**Try it**. Repeat everything from the first line of the listing below through the line that contains "#1=APPLICATION_CONTEXT('core data for", exactly. Leave out pictures.

● ● ● ●

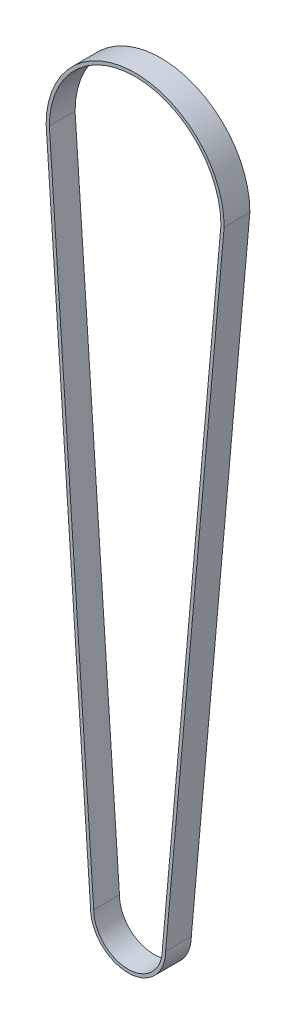
ISO-10303-21;
HEADER;
FILE_DESCRIPTION(('STEP AP214'),'2;1');
FILE_NAME('part.step','',(''),(''),'','','');
FILE_SCHEMA(('AUTOMOTIVE_DESIGN { 1 0 10303 214 1 1 1 1 }'));
ENDSEC;
DATA;
#1=APPLICATION_CONTEXT('core data for automotive mechanical design processes');
#2=APPLICATION_PROTOCOL_DEFINITION('international standard','automotive_design',2000,#1);
#3=PRODUCT_CONTEXT('',#1,'mechanical');
#4=PRODUCT('Part','Part','',(#3));
#5=PRODUCT_RELATED_PRODUCT_CATEGORY('part','',(#4));
#6=PRODUCT_DEFINITION_FORMATION('','',#4);
#7=PRODUCT_DEFINITION_CONTEXT('part definition',#1,'design');
#8=PRODUCT_DEFINITION('design','',#6,#7);
#9=PRODUCT_DEFINITION_SHAPE('','',#8);
#10=(LENGTH_UNIT() NAMED_UNIT(*) SI_UNIT(.MILLI.,.METRE.));
#11=(NAMED_UNIT(*) PLANE_ANGLE_UNIT() SI_UNIT($,.RADIAN.));
#12=(NAMED_UNIT(*) SI_UNIT($,.STERADIAN.) SOLID_ANGLE_UNIT());
#13=UNCERTAINTY_MEASURE_WITH_UNIT(LENGTH_MEASURE(1.E-05),#10,'distance_accuracy_value','');
#14=(GEOMETRIC_REPRESENTATION_CONTEXT(3) GLOBAL_UNCERTAINTY_ASSIGNED_CONTEXT((#13)) GLOBAL_UNIT_ASSIGNED_CONTEXT((#10,
#11,#12)) REPRESENTATION_CONTEXT('',''));
#15=CARTESIAN_POINT('',(0.,0.,0.));
#16=DIRECTION('',(0.,0.,1.));
#17=DIRECTION('',(1.,0.,0.));
#18=AXIS2_PLACEMENT_3D('',#15,#16,#17);
#19=CARTESIAN_POINT('',(0.50953135963383,69.9016651162907,6.));
#20=DIRECTION('',(0.,0.,-1.));
#21=DIRECTION('',(-1.,0.,0.));
#22=AXIS2_PLACEMENT_3D('',#19,#20,#21);
#23=PLANE('',#22);
#24=CARTESIAN_POINT('',(0.50953135963383,69.9016651162907,6.));
#25=DIRECTION('',(0.,0.,1.));
#26=DIRECTION('',(-1.,0.,0.));
#27=AXIS2_PLACEMENT_3D('',#24,#25,#26);
#28=CIRCLE('',#27,20.7499999999999);
#29=CARTESIAN_POINT('',(21.2595040105868,69.8679755823004,6.));
#30=VERTEX_POINT('',#29);
#31=CARTESIAN_POINT('',(-20.2404528948357,69.8761026582027,6.));
#32=VERTEX_POINT('',#31);
#33=EDGE_CURVE('E140',#30,#32,#28,.T.);
#34=ORIENTED_EDGE('',*,*,#33,.T.);
#35=DIRECTION('',(0.067468683577053,-0.997721392341759,0.));
#36=VECTOR('',#35,1.);
#37=CARTESIAN_POINT('',(-20.2404528948357,69.8761026582027,6.));
#38=LINE('',#37,#36);
#39=CARTESIAN_POINT('',(-9.89136706766706,-83.165334843016,6.));
#40=VERTEX_POINT('',#39);
#41=EDGE_CURVE('E143',#32,#40,#38,.T.);
#42=ORIENTED_EDGE('',*,*,#41,.T.);
#43=CARTESIAN_POINT('',(-1.14140538881291,-83.1394385385686,6.));
#44=DIRECTION('',(0.,0.,1.));
#45=DIRECTION('',(1.,0.,0.));
#46=AXIS2_PLACEMENT_3D('',#43,#44,#45);
#47=CIRCLE('',#46,8.75000000000001);
#48=CARTESIAN_POINT('',(7.6085280510738,-83.1735676691225,6.));
#49=VERTEX_POINT('',#48);
#50=EDGE_CURVE('E146',#40,#49,#47,.T.);
#51=ORIENTED_EDGE('',*,*,#50,.T.);
#52=DIRECTION('',(0.0888451087187774,0.996045454111783,0.));
#53=VECTOR('',#52,1.);
#54=CARTESIAN_POINT('',(21.2595040105868,69.8679755823004,6.));
#55=LINE('',#54,#53);
#56=EDGE_CURVE('E148',#49,#30,#55,.T.);
#57=ORIENTED_EDGE('',*,*,#56,.T.);
#58=EDGE_LOOP('',(#34,#42,#51,#57));
#59=FACE_BOUND('',#58,.T.);
#60=CARTESIAN_POINT('',(0.50953135963383,69.9016651162907,6.));
#61=DIRECTION('',(0.,0.,1.));
#62=DIRECTION('',(-1.,0.,0.));
#63=AXIS2_PLACEMENT_3D('',#60,#61,#62);
#64=CIRCLE('',#63,19.9999999999999);
#65=CARTESIAN_POINT('',(20.5095313596337,69.9016651162907,6.));
#66=VERTEX_POINT('',#65);
#67=CARTESIAN_POINT('',(-19.4904686403661,69.9016651162907,6.));
#68=VERTEX_POINT('',#67);
#69=EDGE_CURVE('E104',#66,#68,#64,.T.);
#70=ORIENTED_EDGE('',*,*,#69,.F.);
#71=DIRECTION('',(0.0888451087187774,0.996045454111783,0.));
#72=VECTOR('',#71,1.);
#73=CARTESIAN_POINT('',(20.5095313596337,69.9016651162907,6.));
#74=LINE('',#73,#72);
#75=CARTESIAN_POINT('',(6.8585946111872,-83.1394385385687,6.));
#76=VERTEX_POINT('',#75);
#77=EDGE_CURVE('E126',#76,#66,#74,.T.);
#78=ORIENTED_EDGE('',*,*,#77,.F.);
#79=CARTESIAN_POINT('',(-1.14140538881291,-83.1394385385686,6.));
#80=DIRECTION('',(0.,0.,1.));
#81=DIRECTION('',(1.,0.,0.));
#82=AXIS2_PLACEMENT_3D('',#79,#80,#81);
#83=CIRCLE('',#82,7.9999999999999);
#84=CARTESIAN_POINT('',(-9.14140538881281,-83.1394385385686,6.));
#85=VERTEX_POINT('',#84);
#86=EDGE_CURVE('E124',#85,#76,#83,.T.);
#87=ORIENTED_EDGE('',*,*,#86,.F.);
#88=DIRECTION('',(0.0674686835770529,-0.99772139234176,0.));
#89=VECTOR('',#88,1.);
#90=CARTESIAN_POINT('',(-19.4904686403661,69.9016651162907,6.));
#91=LINE('',#90,#89);
#92=EDGE_CURVE('E112',#68,#85,#91,.T.);
#93=ORIENTED_EDGE('',*,*,#92,.F.);
#94=EDGE_LOOP('',(#70,#78,#87,#93));
#95=FACE_BOUND('',#94,.T.);
#96=ADVANCED_FACE('F39',(#59,#95),#23,.F.);
#97=CARTESIAN_POINT('',(0.50953135963383,69.9016651162907,0.));
#98=DIRECTION('',(0.,0.,-1.));
#99=DIRECTION('',(-1.,0.,0.));
#100=AXIS2_PLACEMENT_3D('',#97,#98,#99);
#101=PLANE('',#100);
#102=CARTESIAN_POINT('',(0.50953135963383,69.9016651162907,0.));
#103=DIRECTION('',(0.,0.,1.));
#104=DIRECTION('',(-1.,0.,0.));
#105=AXIS2_PLACEMENT_3D('',#102,#103,#104);
#106=CIRCLE('',#105,20.7499999999999);
#107=CARTESIAN_POINT('',(21.2595040105868,69.8679755823004,0.));
#108=VERTEX_POINT('',#107);
#109=CARTESIAN_POINT('',(-20.2404528948357,69.8761026582027,0.));
#110=VERTEX_POINT('',#109);
#111=EDGE_CURVE('E120',#108,#110,#106,.T.);
#112=ORIENTED_EDGE('',*,*,#111,.F.);
#113=DIRECTION('',(0.0888451087187774,0.996045454111783,0.));
#114=VECTOR('',#113,1.);
#115=CARTESIAN_POINT('',(21.2595040105868,69.8679755823004,0.));
#116=LINE('',#115,#114);
#117=CARTESIAN_POINT('',(7.6085280510738,-83.1735676691225,0.));
#118=VERTEX_POINT('',#117);
#119=EDGE_CURVE('E144',#118,#108,#116,.T.);
#120=ORIENTED_EDGE('',*,*,#119,.F.);
#121=CARTESIAN_POINT('',(-1.14140538881291,-83.1394385385686,0.));
#122=DIRECTION('',(0.,0.,1.));
#123=DIRECTION('',(1.,0.,0.));
#124=AXIS2_PLACEMENT_3D('',#121,#122,#123);
#125=CIRCLE('',#124,8.75000000000001);
#126=CARTESIAN_POINT('',(-9.89136706766706,-83.165334843016,0.));
#127=VERTEX_POINT('',#126);
#128=EDGE_CURVE('E155',#127,#118,#125,.T.);
#129=ORIENTED_EDGE('',*,*,#128,.F.);
#130=DIRECTION('',(0.067468683577053,-0.997721392341759,0.));
#131=VECTOR('',#130,1.);
#132=CARTESIAN_POINT('',(-20.2404528948357,69.8761026582027,0.));
#133=LINE('',#132,#131);
#134=EDGE_CURVE('E153',#110,#127,#133,.T.);
#135=ORIENTED_EDGE('',*,*,#134,.F.);
#136=EDGE_LOOP('',(#112,#120,#129,#135));
#137=FACE_BOUND('',#136,.T.);
#138=DIRECTION('',(0.0888451087187774,0.996045454111783,0.));
#139=VECTOR('',#138,1.);
#140=CARTESIAN_POINT('',(20.5095313596337,69.9016651162907,0.));
#141=LINE('',#140,#139);
#142=CARTESIAN_POINT('',(6.85859461118699,-83.1394385385686,0.));
#143=VERTEX_POINT('',#142);
#144=CARTESIAN_POINT('',(20.5095313596337,69.9016651162907,0.));
#145=VERTEX_POINT('',#144);
#146=EDGE_CURVE('E113',#143,#145,#141,.T.);
#147=ORIENTED_EDGE('',*,*,#146,.T.);
#148=CARTESIAN_POINT('',(0.50953135963383,69.9016651162907,0.));
#149=DIRECTION('',(0.,0.,1.));
#150=DIRECTION('',(-1.,0.,0.));
#151=AXIS2_PLACEMENT_3D('',#148,#149,#150);
#152=CIRCLE('',#151,19.9999999999999);
#153=CARTESIAN_POINT('',(-19.4904686403661,69.9016651162907,0.));
#154=VERTEX_POINT('',#153);
#155=EDGE_CURVE('E62',#145,#154,#152,.T.);
#156=ORIENTED_EDGE('',*,*,#155,.T.);
#157=DIRECTION('',(0.0674686835770529,-0.99772139234176,0.));
#158=VECTOR('',#157,1.);
#159=CARTESIAN_POINT('',(-19.4904686403661,69.9016651162907,0.));
#160=LINE('',#159,#158);
#161=CARTESIAN_POINT('',(-9.14140538881281,-83.1394385385686,0.));
#162=VERTEX_POINT('',#161);
#163=EDGE_CURVE('E119',#154,#162,#160,.T.);
#164=ORIENTED_EDGE('',*,*,#163,.T.);
#165=CARTESIAN_POINT('',(-1.14140538881291,-83.1394385385686,0.));
#166=DIRECTION('',(0.,0.,1.));
#167=DIRECTION('',(1.,0.,0.));
#168=AXIS2_PLACEMENT_3D('',#165,#166,#167);
#169=CIRCLE('',#168,7.9999999999999);
#170=EDGE_CURVE('E132',#162,#143,#169,.T.);
#171=ORIENTED_EDGE('',*,*,#170,.T.);
#172=EDGE_LOOP('',(#147,#156,#164,#171));
#173=FACE_BOUND('',#172,.T.);
#174=ADVANCED_FACE('F173',(#137,#173),#101,.T.);
#175=CARTESIAN_POINT('',(0.50953135963383,69.9016651162907,6.));
#176=DIRECTION('',(0.,0.,-1.));
#177=DIRECTION('',(-1.,0.,0.));
#178=AXIS2_PLACEMENT_3D('',#175,#176,#177);
#179=CYLINDRICAL_SURFACE('',#178,20.7499999999999);
#180=ORIENTED_EDGE('',*,*,#111,.T.);
#181=DIRECTION('',(0.,0.,-1.));
#182=VECTOR('',#181,1.);
#183=CARTESIAN_POINT('',(-20.2404528948357,69.8761026582027,6.));
#184=LINE('',#183,#182);
#185=EDGE_CURVE('E11',#32,#110,#184,.T.);
#186=ORIENTED_EDGE('',*,*,#185,.F.);
#187=ORIENTED_EDGE('',*,*,#33,.F.);
#188=DIRECTION('',(0.,0.,-1.));
#189=VECTOR('',#188,1.);
#190=CARTESIAN_POINT('',(21.2595040105868,69.8679755823004,6.));
#191=LINE('',#190,#189);
#192=EDGE_CURVE('E150',#30,#108,#191,.T.);
#193=ORIENTED_EDGE('',*,*,#192,.T.);
#194=EDGE_LOOP('',(#180,#186,#187,#193));
#195=FACE_BOUND('',#194,.T.);
#196=ADVANCED_FACE('F41',(#195),#179,.T.);
#197=CARTESIAN_POINT('',(-20.2404528948357,69.8761026582027,6.));
#198=DIRECTION('',(0.99772139234176,0.067468683577053,0.));
#199=DIRECTION('',(-0.067468683577053,0.99772139234176,0.));
#200=AXIS2_PLACEMENT_3D('',#197,#198,#199);
#201=PLANE('',#200);
#202=ORIENTED_EDGE('',*,*,#134,.T.);
#203=DIRECTION('',(0.,0.,-1.));
#204=VECTOR('',#203,1.);
#205=CARTESIAN_POINT('',(-9.89136706766706,-83.165334843016,6.));
#206=LINE('',#205,#204);
#207=EDGE_CURVE('E47',#40,#127,#206,.T.);
#208=ORIENTED_EDGE('',*,*,#207,.F.);
#209=ORIENTED_EDGE('',*,*,#41,.F.);
#210=ORIENTED_EDGE('',*,*,#185,.T.);
#211=EDGE_LOOP('',(#202,#208,#209,#210));
#212=FACE_BOUND('',#211,.T.);
#213=ADVANCED_FACE('F183',(#212),#201,.F.);
#214=CARTESIAN_POINT('',(-1.14140538881291,-83.1394385385686,6.));
#215=DIRECTION('',(0.,0.,-1.));
#216=DIRECTION('',(-1.,0.,0.));
#217=AXIS2_PLACEMENT_3D('',#214,#215,#216);
#218=CYLINDRICAL_SURFACE('',#217,8.75000000000001);
#219=ORIENTED_EDGE('',*,*,#128,.T.);
#220=DIRECTION('',(0.,0.,-1.));
#221=VECTOR('',#220,1.);
#222=CARTESIAN_POINT('',(7.6085280510738,-83.1735676691225,6.));
#223=LINE('',#222,#221);
#224=EDGE_CURVE('E160',#49,#118,#223,.T.);
#225=ORIENTED_EDGE('',*,*,#224,.F.);
#226=ORIENTED_EDGE('',*,*,#50,.F.);
#227=ORIENTED_EDGE('',*,*,#207,.T.);
#228=EDGE_LOOP('',(#219,#225,#226,#227));
#229=FACE_BOUND('',#228,.T.);
#230=ADVANCED_FACE('F167',(#229),#218,.T.);
#231=CARTESIAN_POINT('',(21.2595040105868,69.8679755823004,6.));
#232=DIRECTION('',(-0.996045454111783,0.0888451087187774,0.));
#233=DIRECTION('',(-0.0888451087187774,-0.996045454111783,0.));
#234=AXIS2_PLACEMENT_3D('',#231,#232,#233);
#235=PLANE('',#234);
#236=ORIENTED_EDGE('',*,*,#119,.T.);
#237=ORIENTED_EDGE('',*,*,#192,.F.);
#238=ORIENTED_EDGE('',*,*,#56,.F.);
#239=ORIENTED_EDGE('',*,*,#224,.T.);
#240=EDGE_LOOP('',(#236,#237,#238,#239));
#241=FACE_BOUND('',#240,.T.);
#242=ADVANCED_FACE('F177',(#241),#235,.F.);
#243=CARTESIAN_POINT('',(0.50953135963383,69.9016651162907,6.));
#244=DIRECTION('',(0.,0.,-1.));
#245=DIRECTION('',(-1.,0.,0.));
#246=AXIS2_PLACEMENT_3D('',#243,#244,#245);
#247=CYLINDRICAL_SURFACE('',#246,19.9999999999999);
#248=ORIENTED_EDGE('',*,*,#155,.F.);
#249=DIRECTION('',(0.,0.,-1.));
#250=VECTOR('',#249,1.);
#251=CARTESIAN_POINT('',(20.5095313596337,69.9016651162907,6.));
#252=LINE('',#251,#250);
#253=EDGE_CURVE('E108',#66,#145,#252,.T.);
#254=ORIENTED_EDGE('',*,*,#253,.F.);
#255=ORIENTED_EDGE('',*,*,#69,.T.);
#256=DIRECTION('',(0.,0.,-1.));
#257=VECTOR('',#256,1.);
#258=CARTESIAN_POINT('',(-19.4904686403661,69.9016651162907,6.));
#259=LINE('',#258,#257);
#260=EDGE_CURVE('E107',#68,#154,#259,.T.);
#261=ORIENTED_EDGE('',*,*,#260,.T.);
#262=EDGE_LOOP('',(#248,#254,#255,#261));
#263=FACE_BOUND('',#262,.T.);
#264=ADVANCED_FACE('F106',(#263),#247,.F.);
#265=CARTESIAN_POINT('',(-19.4904686403661,69.9016651162907,6.));
#266=DIRECTION('',(0.99772139234176,0.0674686835770529,0.));
#267=DIRECTION('',(-0.0674686835770529,0.99772139234176,0.));
#268=AXIS2_PLACEMENT_3D('',#265,#266,#267);
#269=PLANE('',#268);
#270=ORIENTED_EDGE('',*,*,#163,.F.);
#271=ORIENTED_EDGE('',*,*,#260,.F.);
#272=ORIENTED_EDGE('',*,*,#92,.T.);
#273=DIRECTION('',(0.,0.,-1.));
#274=VECTOR('',#273,1.);
#275=CARTESIAN_POINT('',(-9.14140538881281,-83.1394385385686,6.));
#276=LINE('',#275,#274);
#277=EDGE_CURVE('E121',#85,#162,#276,.T.);
#278=ORIENTED_EDGE('',*,*,#277,.T.);
#279=EDGE_LOOP('',(#270,#271,#272,#278));
#280=FACE_BOUND('',#279,.T.);
#281=ADVANCED_FACE('F116',(#280),#269,.T.);
#282=CARTESIAN_POINT('',(-1.14140538881291,-83.1394385385686,6.));
#283=DIRECTION('',(0.,0.,-1.));
#284=DIRECTION('',(-1.,0.,0.));
#285=AXIS2_PLACEMENT_3D('',#282,#283,#284);
#286=CYLINDRICAL_SURFACE('',#285,7.9999999999999);
#287=ORIENTED_EDGE('',*,*,#170,.F.);
#288=ORIENTED_EDGE('',*,*,#277,.F.);
#289=ORIENTED_EDGE('',*,*,#86,.T.);
#290=DIRECTION('',(0.,0.,-1.));
#291=VECTOR('',#290,1.);
#292=CARTESIAN_POINT('',(6.85859461118699,-83.1394385385686,6.));
#293=LINE('',#292,#291);
#294=EDGE_CURVE('E54',#76,#143,#293,.T.);
#295=ORIENTED_EDGE('',*,*,#294,.T.);
#296=EDGE_LOOP('',(#287,#288,#289,#295));
#297=FACE_BOUND('',#296,.T.);
#298=ADVANCED_FACE('F206',(#297),#286,.F.);
#299=CARTESIAN_POINT('',(20.5095313596337,69.9016651162907,6.));
#300=DIRECTION('',(-0.996045454111783,0.0888451087187774,0.));
#301=DIRECTION('',(-0.0888451087187774,-0.996045454111783,0.));
#302=AXIS2_PLACEMENT_3D('',#299,#300,#301);
#303=PLANE('',#302);
#304=ORIENTED_EDGE('',*,*,#146,.F.);
#305=ORIENTED_EDGE('',*,*,#294,.F.);
#306=ORIENTED_EDGE('',*,*,#77,.T.);
#307=ORIENTED_EDGE('',*,*,#253,.T.);
#308=EDGE_LOOP('',(#304,#305,#306,#307));
#309=FACE_BOUND('',#308,.T.);
#310=ADVANCED_FACE('F210',(#309),#303,.T.);
#311=CLOSED_SHELL('',(#96,#174,#196,#213,#230,#242,#264,#281,#298,#310));
#312=MANIFOLD_SOLID_BREP('B2',#311);
#313=ADVANCED_BREP_SHAPE_REPRESENTATION('',(#18,#312),#14);
#314=SHAPE_DEFINITION_REPRESENTATION(#9,#313);
ENDSEC;
END-ISO-10303-21;

● ● ● ●

**Answer to this exercise**.
ISO-10303-21;
HEADER;
FILE_DESCRIPTION(('STEP AP214'),'2;1');
FILE_NAME('part.step','',(''),(''),'','','');
FILE_SCHEMA(('AUTOMOTIVE_DESIGN { 1 0 10303 214 1 1 1 1 }'));
ENDSEC;
DATA;
#1=APPLICATION_CONTEXT('core data for automotive mechanical design processes');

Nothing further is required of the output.